» TASK DIRECTIONS:
A word-for-word retyping of the listing below is required, with the pictures dropped.

» EXERCISE INPUT:
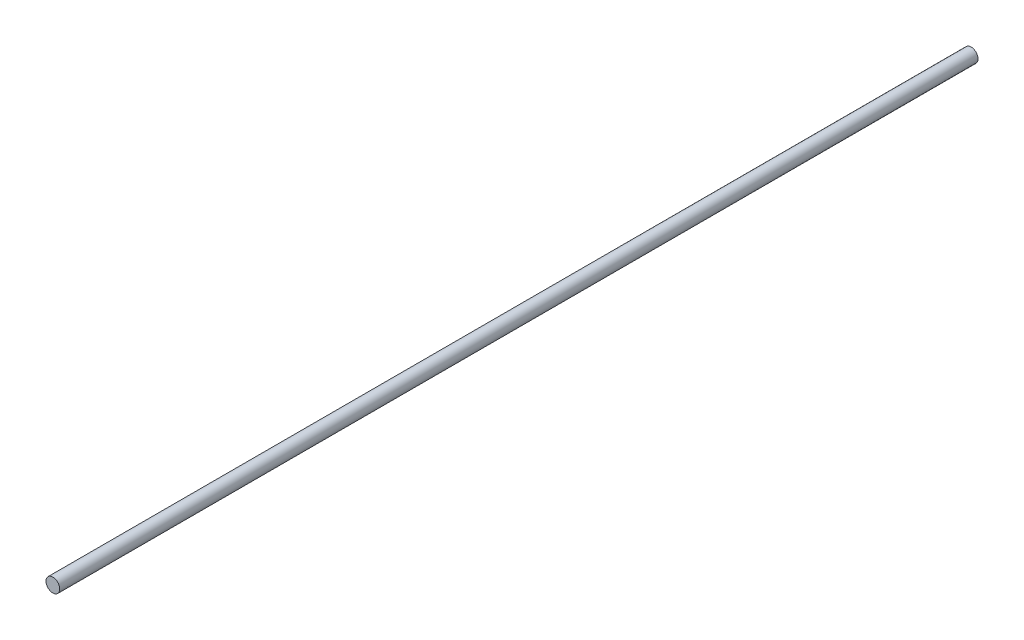
ISO-10303-21;
HEADER;
FILE_DESCRIPTION(('STEP AP214'),'2;1');
FILE_NAME('part.step','',(''),(''),'','','');
FILE_SCHEMA(('AUTOMOTIVE_DESIGN { 1 0 10303 214 1 1 1 1 }'));
ENDSEC;
DATA;
#1=APPLICATION_CONTEXT('core data for automotive mechanical design processes');
#2=APPLICATION_PROTOCOL_DEFINITION('international standard','automotive_design',2000,#1);
#3=PRODUCT_CONTEXT('',#1,'mechanical');
#4=PRODUCT('Part','Part','',(#3));
#5=PRODUCT_RELATED_PRODUCT_CATEGORY('part','',(#4));
#6=PRODUCT_DEFINITION_FORMATION('','',#4);
#7=PRODUCT_DEFINITION_CONTEXT('part definition',#1,'design');
#8=PRODUCT_DEFINITION('design','',#6,#7);
#9=PRODUCT_DEFINITION_SHAPE('','',#8);
#10=(LENGTH_UNIT() NAMED_UNIT(*) SI_UNIT(.MILLI.,.METRE.));
#11=(NAMED_UNIT(*) PLANE_ANGLE_UNIT() SI_UNIT($,.RADIAN.));
#12=(NAMED_UNIT(*) SI_UNIT($,.STERADIAN.) SOLID_ANGLE_UNIT());
#13=UNCERTAINTY_MEASURE_WITH_UNIT(LENGTH_MEASURE(1.E-05),#10,'distance_accuracy_value','');
#14=(GEOMETRIC_REPRESENTATION_CONTEXT(3) GLOBAL_UNCERTAINTY_ASSIGNED_CONTEXT((#13)) GLOBAL_UNIT_ASSIGNED_CONTEXT((#10,
#11,#12)) REPRESENTATION_CONTEXT('',''));
#15=CARTESIAN_POINT('',(0.,0.,0.));
#16=DIRECTION('',(0.,0.,1.));
#17=DIRECTION('',(1.,0.,0.));
#18=AXIS2_PLACEMENT_3D('',#15,#16,#17);
#19=CARTESIAN_POINT('',(0.,0.,400.));
#20=DIRECTION('',(0.,0.,-1.));
#21=DIRECTION('',(-1.,0.,0.));
#22=AXIS2_PLACEMENT_3D('',#19,#20,#21);
#23=CYLINDRICAL_SURFACE('',#22,3.);
#24=CARTESIAN_POINT('',(0.,0.,400.));
#25=DIRECTION('',(0.,0.,1.));
#26=DIRECTION('',(1.,0.,0.));
#27=AXIS2_PLACEMENT_3D('',#24,#25,#26);
#28=CIRCLE('',#27,3.);
#29=CARTESIAN_POINT('',(3.,0.,400.));
#30=VERTEX_POINT('',#29);
#31=EDGE_CURVE('E10',#30,#30,#28,.T.);
#32=ORIENTED_EDGE('',*,*,#31,.F.);
#33=EDGE_LOOP('',(#32));
#34=FACE_BOUND('',#33,.T.);
#35=CARTESIAN_POINT('',(0.,0.,0.));
#36=DIRECTION('',(0.,0.,1.));
#37=DIRECTION('',(1.,0.,0.));
#38=AXIS2_PLACEMENT_3D('',#35,#36,#37);
#39=CIRCLE('',#38,3.);
#40=CARTESIAN_POINT('',(3.,0.,0.));
#41=VERTEX_POINT('',#40);
#42=EDGE_CURVE('E38',#41,#41,#39,.T.);
#43=ORIENTED_EDGE('',*,*,#42,.T.);
#44=EDGE_LOOP('',(#43));
#45=FACE_BOUND('',#44,.T.);
#46=ADVANCED_FACE('F35',(#34,#45),#23,.T.);
#47=CARTESIAN_POINT('',(0.,0.,400.));
#48=DIRECTION('',(0.,0.,1.));
#49=DIRECTION('',(1.,0.,0.));
#50=AXIS2_PLACEMENT_3D('',#47,#48,#49);
#51=PLANE('',#50);
#52=ORIENTED_EDGE('',*,*,#31,.T.);
#53=EDGE_LOOP('',(#52));
#54=FACE_BOUND('',#53,.T.);
#55=ADVANCED_FACE('F50',(#54),#51,.T.);
#56=CARTESIAN_POINT('',(0.,0.,0.));
#57=DIRECTION('',(0.,0.,1.));
#58=DIRECTION('',(1.,0.,0.));
#59=AXIS2_PLACEMENT_3D('',#56,#57,#58);
#60=PLANE('',#59);
#61=ORIENTED_EDGE('',*,*,#42,.F.);
#62=EDGE_LOOP('',(#61));
#63=FACE_BOUND('',#62,.T.);
#64=ADVANCED_FACE('F48',(#63),#60,.F.);
#65=CLOSED_SHELL('',(#46,#55,#64));
#66=MANIFOLD_SOLID_BREP('B2',#65);
#67=ADVANCED_BREP_SHAPE_REPRESENTATION('',(#18,#66),#14);
#68=SHAPE_DEFINITION_REPRESENTATION(#9,#67);
ENDSEC;
END-ISO-10303-21;

» ANSWER TO THIS PROBLEM:
ISO-10303-21;
HEADER;
FILE_DESCRIPTION(('STEP AP214'),'2;1');
FILE_NAME('part.step','',(''),(''),'','','');
FILE_SCHEMA(('AUTOMOTIVE_DESIGN { 1 0 10303 214 1 1 1 1 }'));
ENDSEC;
DATA;
#1=APPLICATION_CONTEXT('core data for automotive mechanical design processes');
#2=APPLICATION_PROTOCOL_DEFINITION('international standard','automotive_design',2000,#1);
#3=PRODUCT_CONTEXT('',#1,'mechanical');
#4=PRODUCT('Part','Part','',(#3));
#5=PRODUCT_RELATED_PRODUCT_CATEGORY('part','',(#4));
#6=PRODUCT_DEFINITION_FORMATION('','',#4);
#7=PRODUCT_DEFINITION_CONTEXT('part definition',#1,'design');
#8=PRODUCT_DEFINITION('design','',#6,#7);
#9=PRODUCT_DEFINITION_SHAPE('','',#8);
#10=(LENGTH_UNIT() NAMED_UNIT(*) SI_UNIT(.MILLI.,.METRE.));
#11=(NAMED_UNIT(*) PLANE_ANGLE_UNIT() SI_UNIT($,.RADIAN.));
#12=(NAMED_UNIT(*) SI_UNIT($,.STERADIAN.) SOLID_ANGLE_UNIT());
#13=UNCERTAINTY_MEASURE_WITH_UNIT(LENGTH_MEASURE(1.E-05),#10,'distance_accuracy_value','');
#14=(GEOMETRIC_REPRESENTATION_CONTEXT(3) GLOBAL_UNCERTAINTY_ASSIGNED_CONTEXT((#13)) GLOBAL_UNIT_ASSIGNED_CONTEXT((#10,
#11,#12)) REPRESENTATION_CONTEXT('',''));
#15=CARTESIAN_POINT('',(0.,0.,0.));
#16=DIRECTION('',(0.,0.,1.));
#17=DIRECTION('',(1.,0.,0.));
#18=AXIS2_PLACEMENT_3D('',#15,#16,#17);
#19=CARTESIAN_POINT('',(0.,0.,400.));
#20=DIRECTION('',(0.,0.,-1.));
#21=DIRECTION('',(-1.,0.,0.));
#22=AXIS2_PLACEMENT_3D('',#19,#20,#21);
#23=CYLINDRICAL_SURFACE('',#22,3.);
#24=CARTESIAN_POINT('',(0.,0.,400.));
#25=DIRECTION('',(0.,0.,1.));
#26=DIRECTION('',(1.,0.,0.));
#27=AXIS2_PLACEMENT_3D('',#24,#25,#26);
#28=CIRCLE('',#27,3.);
#29=CARTESIAN_POINT('',(3.,0.,400.));
#30=VERTEX_POINT('',#29);
#31=EDGE_CURVE('E10',#30,#30,#28,.T.);
#32=ORIENTED_EDGE('',*,*,#31,.F.);
#33=EDGE_LOOP('',(#32));
#34=FACE_BOUND('',#33,.T.);
#35=CARTESIAN_POINT('',(0.,0.,0.));
#36=DIRECTION('',(0.,0.,1.));
#37=DIRECTION('',(1.,0.,0.));
#38=AXIS2_PLACEMENT_3D('',#35,#36,#37);
#39=CIRCLE('',#38,3.);
#40=CARTESIAN_POINT('',(3.,0.,0.));
#41=VERTEX_POINT('',#40);
#42=EDGE_CURVE('E38',#41,#41,#39,.T.);
#43=ORIENTED_EDGE('',*,*,#42,.T.);
#44=EDGE_LOOP('',(#43));
#45=FACE_BOUND('',#44,.T.);
#46=ADVANCED_FACE('F35',(#34,#45),#23,.T.);
#47=CARTESIAN_POINT('',(0.,0.,400.));
#48=DIRECTION('',(0.,0.,1.));
#49=DIRECTION('',(1.,0.,0.));
#50=AXIS2_PLACEMENT_3D('',#47,#48,#49);
#51=PLANE('',#50);
#52=ORIENTED_EDGE('',*,*,#31,.T.);
#53=EDGE_LOOP('',(#52));
#54=FACE_BOUND('',#53,.T.);
#55=ADVANCED_FACE('F50',(#54),#51,.T.);
#56=CARTESIAN_POINT('',(0.,0.,0.));
#57=DIRECTION('',(0.,0.,1.));
#58=DIRECTION('',(1.,0.,0.));
#59=AXIS2_PLACEMENT_3D('',#56,#57,#58);
#60=PLANE('',#59);
#61=ORIENTED_EDGE('',*,*,#42,.F.);
#62=EDGE_LOOP('',(#61));
#63=FACE_BOUND('',#62,.T.);
#64=ADVANCED_FACE('F48',(#63),#60,.F.);
#65=CLOSED_SHELL('',(#46,#55,#64));
#66=MANIFOLD_SOLID_BREP('B2',#65);
#67=ADVANCED_BREP_SHAPE_REPRESENTATION('',(#18,#66),#14);
#68=SHAPE_DEFINITION_REPRESENTATION(#9,#67);
ENDSEC;
END-ISO-10303-21;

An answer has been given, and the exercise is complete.